### [Exercise details]
Please repeat the entries exactly as they appear and omit any images.

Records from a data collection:
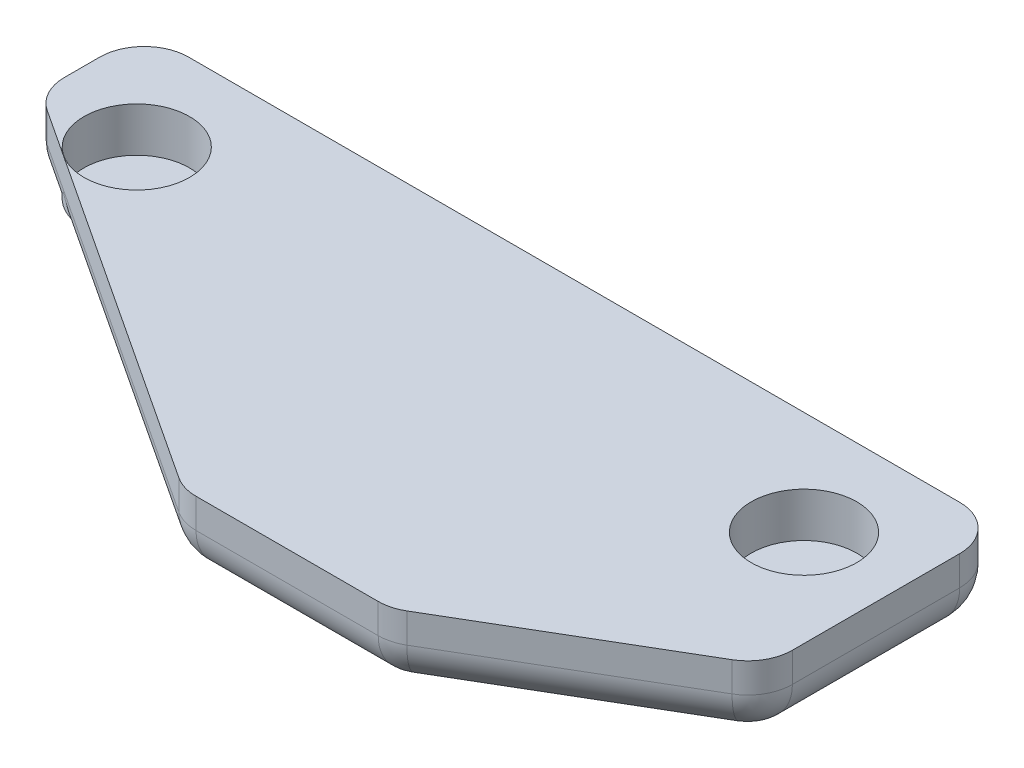
SolidWorks part; units mm, degrees
ref_plane "Front Plane" through (0, 0, 0) normal (0, 0, 1) x (1, 0, 0)
ref_plane "Top Plane" through (0, 0, 0) normal (0, 1, 0) x (1, 0, 0)
ref_plane "Right Plane" through (0, 0, 0) normal (1, 0, 0) x (0, 0, -1)
sketch "Sketch2" plane through (0, 0, 0) normal (0, 1, 0) x (1, 0, 0)
  line L0 (-21.2162, 11.7419) -> (-21.2162, 8.2419)
  line L1 (-21.2162, 8.2419) -> (-7.2162, -0.9581)
  line L2 (-7.2162, -0.9581) -> (-0.2162, -0.9581)
  line L3 (-0.2162, -0.9581) -> (7.7838, 3.7419)
  line L4 (7.7838, 3.7419) -> (7.7838, 11.7419)
  line L7 (-21.2162, 11.7419) -> (7.7838, 11.7419)
  dimension "D1" = 29
  dimension "D2" = 12.7
  dimension "D3" = 8
  dimension "D4" = 8
  dimension "D5" = 3.5
  dimension "D6" = 7
extrude "Boss-Extrude1" add sketch "Sketch2" along normal blind 2.5
sketch "Sketch4" plane through (0, 2.5, 0) normal (0, 1, 0) x (1, 0, 0)
  line L0 (-17.9662, 11.241) -> (-17.9662, -1.2869) construction
  line L1 (-21.2162, 8.2419) -> (7.7838, 8.2419) construction
  line L2 (-21.2162, 11.7419) -> (-21.2162, 8.2419) construction
  line L3 (7.7838, 11.7419) -> (-21.2162, 11.7419) construction
  line L4 (-6.7162, 11.7419) -> (-6.7162, -0.9581) construction
  line L5 (-7.2162, -0.9581) -> (-0.2162, -0.9581) construction
  line L6 (4.5338, 11.241) -> (4.5338, -1.2869) construction
  circle A0 centre (-17.9662, 8.2419) radius 1.78
  circle A1 centre (4.5338, 8.2419) radius 1.78
  point P15 (-6.7162, 8.2419)
  dimension "D1" = 3.25
  dimension "D2" = 3.5
extrude "Cut-Extrude1" cut sketch "Sketch4" against normal blind 1.5
fillet "Fillet1" radius 1.5 12 edges at (-0.2162, 1.25, 0.9581) (-7.2162, 1.25, 0.9581) (-21.2162, 0, -9.9919) (-14.2162, 0, -3.6419) (-3.7162, 0, 0.9581) (3.7838, 0, -1.3919) (7.7838, 1.25, -3.7419) (7.7838, 0, -7.7419) (-6.7162, 0, -11.7419) (7.7838, 1.25, -11.7419) (-21.2162, 1.25, -8.2419) (-21.2162, 1.25, -11.7419)

### [The completed task]
SolidWorks part; units mm, degrees
ref_plane "Front Plane" through (0, 0, 0) normal (0, 0, 1) x (1, 0, 0)
ref_plane "Top Plane" through (0, 0, 0) normal (0, 1, 0) x (1, 0, 0)
ref_plane "Right Plane" through (0, 0, 0) normal (1, 0, 0) x (0, 0, -1)
sketch "Sketch2" plane through (0, 0, 0) normal (0, 1, 0) x (1, 0, 0)
  line L0 (-21.2162, 11.7419) -> (-21.2162, 8.2419)
  line L1 (-21.2162, 8.2419) -> (-7.2162, -0.9581)
  line L2 (-7.2162, -0.9581) -> (-0.2162, -0.9581)
  line L3 (-0.2162, -0.9581) -> (7.7838, 3.7419)
  line L4 (7.7838, 3.7419) -> (7.7838, 11.7419)
  line L7 (-21.2162, 11.7419) -> (7.7838, 11.7419)
  dimension "D1" = 29
  dimension "D2" = 12.7
  dimension "D3" = 8
  dimension "D4" = 8
  dimension "D5" = 3.5
  dimension "D6" = 7
extrude "Boss-Extrude1" add sketch "Sketch2" along normal blind 2.5
sketch "Sketch4" plane through (0, 2.5, 0) normal (0, 1, 0) x (1, 0, 0)
  line L0 (-17.9662, 11.241) -> (-17.9662, -1.2869) construction
  line L1 (-21.2162, 8.2419) -> (7.7838, 8.2419) construction
  line L2 (-21.2162, 11.7419) -> (-21.2162, 8.2419) construction
  line L3 (7.7838, 11.7419) -> (-21.2162, 11.7419) construction
  line L4 (-6.7162, 11.7419) -> (-6.7162, -0.9581) construction
  line L5 (-7.2162, -0.9581) -> (-0.2162, -0.9581) construction
  line L6 (4.5338, 11.241) -> (4.5338, -1.2869) construction
  circle A0 centre (-17.9662, 8.2419) radius 1.78
  circle A1 centre (4.5338, 8.2419) radius 1.78
  point P15 (-6.7162, 8.2419)
  dimension "D1" = 3.25
  dimension "D2" = 3.5
extrude "Cut-Extrude1" cut sketch "Sketch4" against normal blind 1.5
fillet "Fillet1" radius 1.5 12 edges at (-0.2162, 1.25, 0.9581) (-7.2162, 1.25, 0.9581) (-21.2162, 0, -9.9919) (-14.2162, 0, -3.6419) (-3.7162, 0, 0.9581) (3.7838, 0, -1.3919) (7.7838, 1.25, -3.7419) (7.7838, 0, -7.7419) (-6.7162, 0, -11.7419) (7.7838, 1.25, -11.7419) (-21.2162, 1.25, -8.2419) (-21.2162, 1.25, -11.7419)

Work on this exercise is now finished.